AIM OF THE EXERCISE:
Restate word for word the lines of the listing below, from its first line through the line with "layer by layer", without the pictures.

EXERCISE MATERIALS:

_ _ _

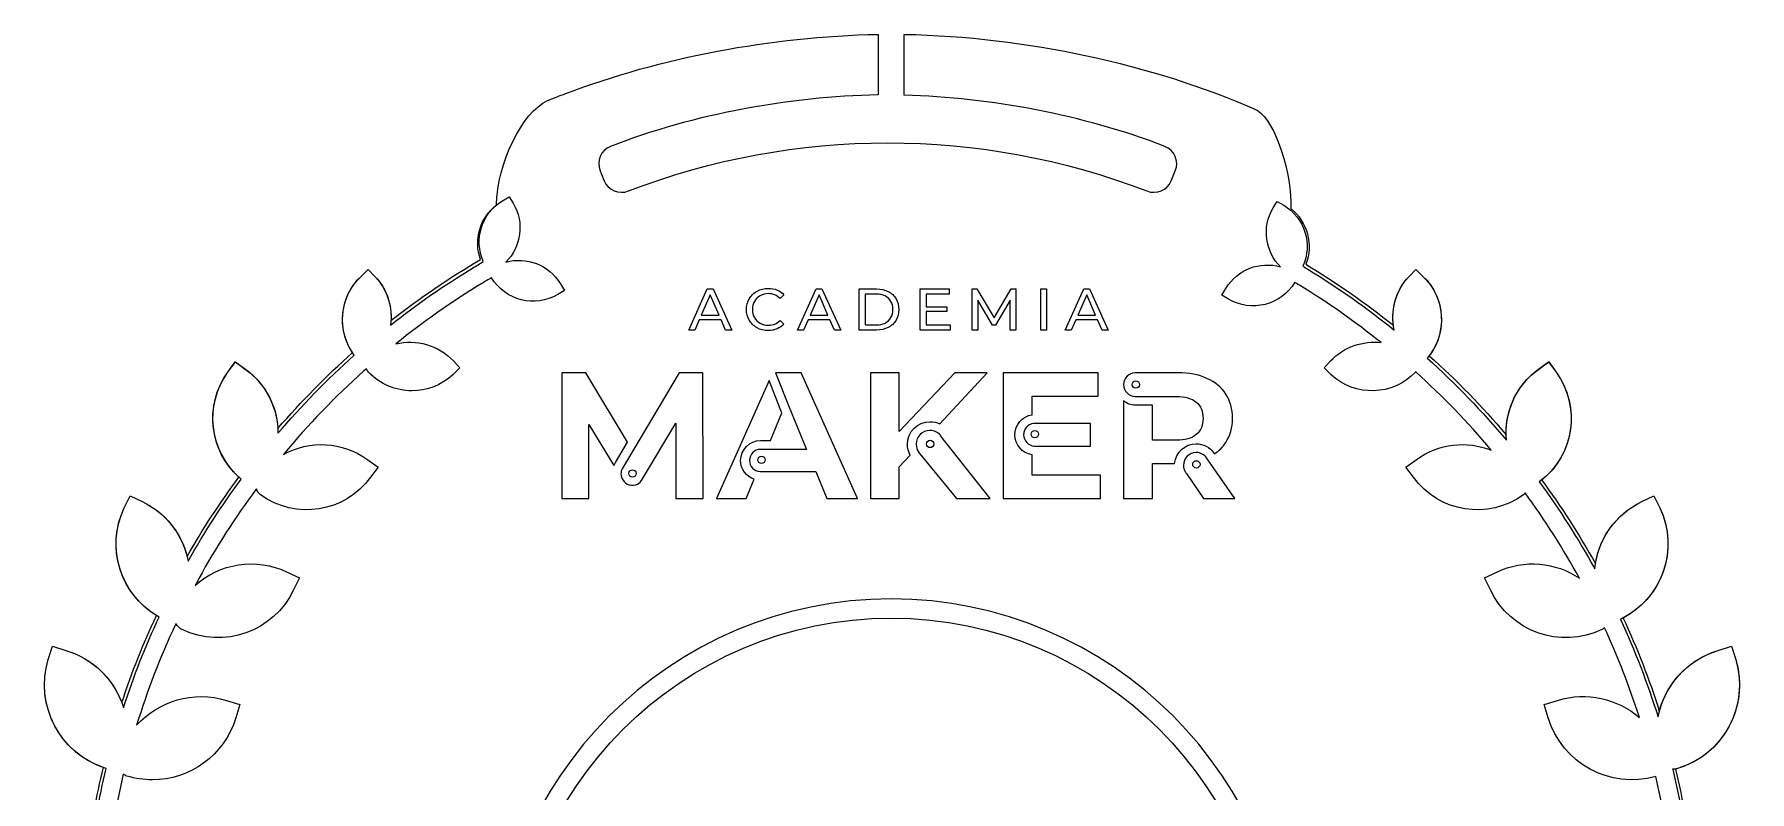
# Model space of a CAD drawing. Extents: x 56.4 to 126.1, y 203.2 to 274.6.
# Drawn here: x 58.5 to 124.1, y 245.6 to 274.6 of the extents above; entities that cross this region are included whole.
import ezdxf

# ---------------------------------------------------------------- set-up
doc = ezdxf.new("R2010")
doc.units = 0
doc.layers.add('Capa_1', color=7, linetype='CONTINUOUS')

msp = doc.modelspace()

# ---------------------------------------------------------------- linework, layer by layer
at = {"layer": 'Capa_1', "color": 3}
for points in [[(90.726964, 274.5511), (90.726964, 272.240709)], [(91.73105, 272.23008), (91.73105, 274.5511)], [(101.934894, 268.956347), (102.090786, 269.331905)], [(70.976149, 265.318039), (71.241874, 265.569592), (71.493427, 265.303867)], [(111.029778, 265.303867), (111.281331, 265.569592), (111.547056, 265.318039)], [(65.874227, 261.64749), (66.157667, 262.03722), (66.547398, 261.75378)], [(115.975807, 261.75378), (116.365537, 262.03722), (116.648978, 261.64749)], [(114.735757, 259.255964), (114.735757, 259.312652)], [(61.909609, 256.460536), (62.132818, 256.924669), (62.593408, 256.70146)], [(119.929797, 256.70146), (120.390387, 256.924669), (120.613596, 256.460536)], [(59.007891, 250.664186), (59.163783, 251.174378), (59.673975, 251.018486)], [(122.84923, 251.018486), (123.359422, 251.174378), (123.515314, 250.664186)]]:
    msp.add_lwpolyline(points, dxfattribs=at)
at = {"layer": 'Capa_1', "color": 7}
for points in [[(76.375329, 268.195665), (76.630425, 268.348014), (76.782774, 268.096461)], [(105.831841, 267.919311), (105.980647, 268.170864), (106.235743, 268.022058)], [(70.975795, 265.318748), (71.24152, 265.570301), (71.493073, 265.304576)], [(78.586161, 265.021136), (78.73851, 264.769583), (78.483414, 264.617234)], [(106.841596, 264.967991), (106.791994, 264.985706), (106.760107, 265.017593)], [(107.15338, 265.584473), (107.164009, 265.577387)], [(111.029423, 265.304576), (111.280976, 265.570301), (111.546701, 265.318748)], [(87.129046, 264.600581), (86.983074, 264.458861)], [(90.00986, 264.827334), (90.672756, 264.827334)], [(90.672756, 263.254241), (90.00986, 263.254241), (90.00986, 264.827334)], [(90.659292, 264.63176), (90.234486, 264.63176), (90.234486, 263.449815), (90.659292, 263.449815)], [(104.127657, 264.440083), (103.872561, 264.592433), (104.02491, 264.847529)], [(86.983074, 263.625193), (87.129046, 263.483473)], [(65.873873, 261.648199), (66.157313, 262.037929), (66.547043, 261.754489)], [(71.167117, 261.77929), (71.067913, 261.694258)], [(74.493995, 262.073359), (74.745548, 261.807634), (74.479823, 261.556081)], [(108.042673, 261.556081), (107.776948, 261.807634), (108.028501, 262.073359)], [(115.975453, 261.754489), (116.365183, 262.037929), (116.648623, 261.648199)], [(79.553046, 261.623043), (78.633992, 261.623043), (78.633992, 256.822631), (79.676697, 256.822631), (79.676697, 259.640734), (80.628347, 258.076853)], [(80.637205, 258.096694), (80.647479, 258.116535), (80.693184, 258.192355), (81.15094, 258.971107), (79.553046, 261.623398), (79.553046, 261.623043)], [(84.031754, 261.623043), (83.119431, 261.623043), (81.349702, 258.639482), (81.348639, 258.641253), (80.981939, 258.018394), (80.94332, 257.953911), (80.941549, 257.950368)], [(81.729512, 257.575164), (82.996135, 259.702382), (83.003575, 256.821568), (84.045926, 256.821568), (84.032463, 261.622689), (84.031754, 261.623043)], [(86.99016, 260.242336), (86.561103, 261.327911), (84.55293, 256.822631), (85.691296, 256.822631), (85.992805, 257.552843)], [(86.215306, 257.851164), (88.346067, 257.851164), (88.771581, 256.822277), (89.937583, 256.822277), (87.790524, 261.623398), (87.79017, 261.623043)], [(87.79017, 261.623043), (86.807341, 261.623043), (87.30159, 260.370947), (87.996018, 258.694044), (86.473591, 258.694044), (86.474299, 258.695816), (86.238335, 258.697587), (86.234792, 258.697587)], [(93.667655, 261.623043), (91.5415, 259.380323), (91.5415, 261.623043), (90.4375, 261.623043), (90.4375, 256.822631), (91.5415, 256.822631), (91.5415, 258.035755), (91.959219, 258.471544)], [(93.085894, 259.668369), (94.90239, 261.623043), (93.667655, 261.623043)], [(96.616849, 260.021961), (96.616849, 260.731978), (99.140883, 260.731978), (99.140883, 261.623043), (95.512495, 261.623043), (95.512495, 256.822631), (99.229812, 256.822631), (99.229812, 257.713696), (96.616849, 257.713696)], [(102.193178, 261.623043), (101.867577, 261.623043), (101.867577, 261.622335), (100.563398, 261.622335)], [(100.1145, 260.553765), (100.1145, 256.822277), (101.22523, 256.822277), (101.22523, 258.15976), (102.067402, 258.15976)], [(100.563043, 260.718515), (101.911155, 260.717806), (102.130821, 260.717806)], [(102.130821, 259.044801), (101.22523, 259.044801), (101.22523, 260.37945), (100.563043, 260.380158)], [(104.023847, 260.806736), (104.024201, 260.806736)], [(86.232667, 259.034881), (86.613185, 259.032755), (87.051808, 260.092467), (86.989806, 260.24269), (86.99016, 260.242336)], [(96.698692, 258.824781), (98.845751, 258.824781), (98.845751, 259.688919), (96.671057, 259.688919), (96.671411, 259.688565)], [(92.280215, 258.592714), (92.330172, 258.530712), (93.722571, 256.821568), (95.018955, 256.821568), (93.132661, 259.204591), (93.133016, 259.204945)], [(93.133016, 259.204945), (93.109278, 259.234706)], [(96.616849, 257.713696), (96.616849, 258.494573)], [(103.567863, 258.557284), (103.588766, 258.527523)], [(71.223805, 258.303605), (71.613535, 258.020165), (71.330095, 257.630435)], [(102.467052, 257.843724), (102.481579, 257.82282), (102.513111, 257.777115)], [(102.51382, 257.776053), (103.173881, 256.822631), (104.367518, 256.822631), (103.492751, 258.076145), (103.492397, 258.076145)], [(103.297886, 258.355688), (103.290446, 258.365962), (103.291154, 258.365962)], [(103.492397, 258.076145), (103.308161, 258.340453)], [(111.192401, 257.630435), (110.908961, 258.020165), (111.298691, 258.303605)], [(81.299392, 257.329634), (81.37344, 257.329634)], [(81.689476, 257.507847), (81.728803, 257.574101)], [(61.909255, 256.461245), (62.132464, 256.925378), (62.593054, 256.702169)], [(119.929442, 256.702169), (120.390032, 256.925378), (120.613242, 256.461245)], [(68.144937, 254.009488), (68.605527, 253.789822), (68.385861, 253.329232)], [(114.136635, 253.329232), (113.916969, 253.789822), (114.377559, 254.009488)], [(64.761371, 253.761478), (64.718855, 253.679989)], [(91.231133, 252.984143), (91.230424, 252.984852)], [(59.007537, 250.664895), (59.163429, 251.175087), (59.673621, 251.019195)], [(122.848875, 251.019195), (123.359067, 251.175087), (123.51496, 250.664895)], [(65.820728, 249.109517), (66.33092, 248.953625), (66.175028, 248.443433)], [(116.347468, 248.443433), (116.191576, 248.953625), (116.701768, 249.109517)]]:
    msp.add_lwpolyline(points, dxfattribs=at)
for points in [[(84.728663, 263.647514), (83.892514, 263.647514), (83.719616, 263.254241), (83.488258, 263.254241), (84.200755, 264.827334), (84.423256, 264.827334), (85.137879, 263.254241), (84.901915, 263.254241), (84.729017, 263.647514)], [(84.650008, 263.827144), (84.310588, 264.598101), (83.971169, 263.827144)], [(88.890626, 263.647514), (88.054478, 263.647514), (87.881579, 263.254241), (87.650221, 263.254241), (88.362719, 264.827334), (88.585219, 264.827334), (89.299843, 263.254241), (89.063879, 263.254241), (88.89098, 263.647514)], [(88.811971, 263.827144), (88.472552, 264.598101), (88.133132, 263.827144)], [(93.483773, 263.44946), (93.483773, 263.253887), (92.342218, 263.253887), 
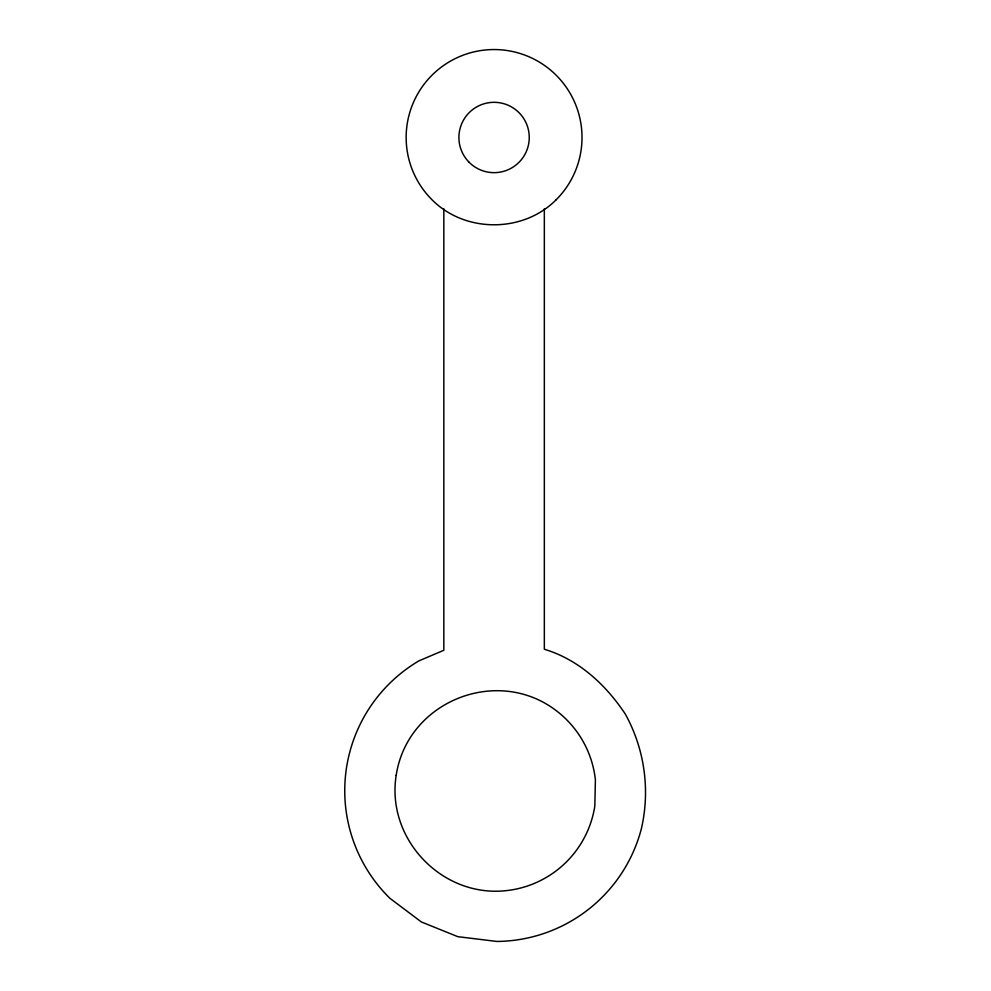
<?xml version="1.0" encoding="UTF-8"?>
<svg xmlns="http://www.w3.org/2000/svg" width="991" height="991" viewBox="0 0 991 991"><rect width="100%" height="100%" fill="white"/><g stroke="black" fill="none" stroke-linecap="round" stroke-linejoin="round"><path stroke-width="1.49" d="M544.332 208.816L544.332 649.254C578.657 659.523 605.86 684.744 625.333 714.115C644.559 748.948 650.282 789.554 641.474 828.352A150.743 150.743 0 0 1 496.912 941.45L457.854 936.681L421.361 921.964L389.909 898.304A150.743 150.743 0 0 1 418.908 660.873L443.832 650.269L443.832 208.816M396.177 775.358C386.032 839.117 442.221 897.896 506.376 890.624A100.5 100.5 0 0 0 594.823 806.067L595.405 779.843A100.5 100.5 0 0 0 558.453 712.38C499.365 664.639 407.598 700.253 396.177 775.358M556.261 199.662C523.186 233.158 464.977 233.158 431.903 199.662A87.939 87.939 0 0 1 431.903 75.304A87.939 87.939 0 0 1 556.261 75.304A87.939 87.939 0 0 1 556.261 199.662M469.214 162.363A35.168 35.168 0 0 0 528.054 146.594A35.168 35.168 0 0 0 484.983 103.51A35.168 35.168 0 0 0 469.214 162.363"/></g></svg>
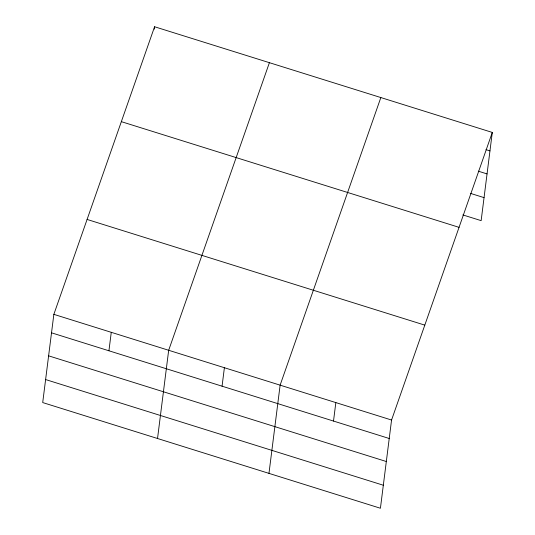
<?xml version="1.0" encoding="UTF-8"?>
<svg xmlns="http://www.w3.org/2000/svg" width="535" height="535" viewBox="0 0 535 535"><rect width="100%" height="100%" fill="white"/><g stroke="black" fill="none" stroke-linecap="round" stroke-linejoin="round"><path stroke-width="0.8" d="M53.854 314.353L42.706 402.567L380.418 508.25L391.56 420.029L492.294 132.433L154.582 26.75L53.854 314.353L391.56 420.029M108.933 350.786L111.267 332.315M154.281 29.157L154.582 26.75M157.531 438.499L168.672 350.285L269.406 62.682M222.065 386.19L224.392 367.719M268.971 473.375L280.119 385.16L380.846 97.557M333.506 421.065L335.84 402.594M492.294 132.433L481.146 220.647L462.835 214.916M485.981 149.653L489.96 150.897M478.297 171.173L487.051 173.915M470.519 193.396L484.055 197.629M121.345 121.659L459.05 227.342M87.091 219.444L424.803 325.126M51.52 332.817L389.226 438.499M48.611 355.835L386.317 461.518M45.615 379.556L383.321 485.232"/></g></svg>

_ _ _

RESPONSE:
# Model space of a CAD drawing. Extents: x 56.4 to 126.1, y 203.2 to 274.6.
# Drawn here: x 58.5 to 124.1, y 245.6 to 274.6 of the extents above; entities that cross this region are included whole.
import ezdxf

# ---------------------------------------------------------------- set-up
doc = ezdxf.new("R2010")
doc.units = 0
doc.layers.add('Capa_1', color=7, linetype='CONTINUOUS')

msp = doc.modelspace()

# ---------------------------------------------------------------- linework, layer by layer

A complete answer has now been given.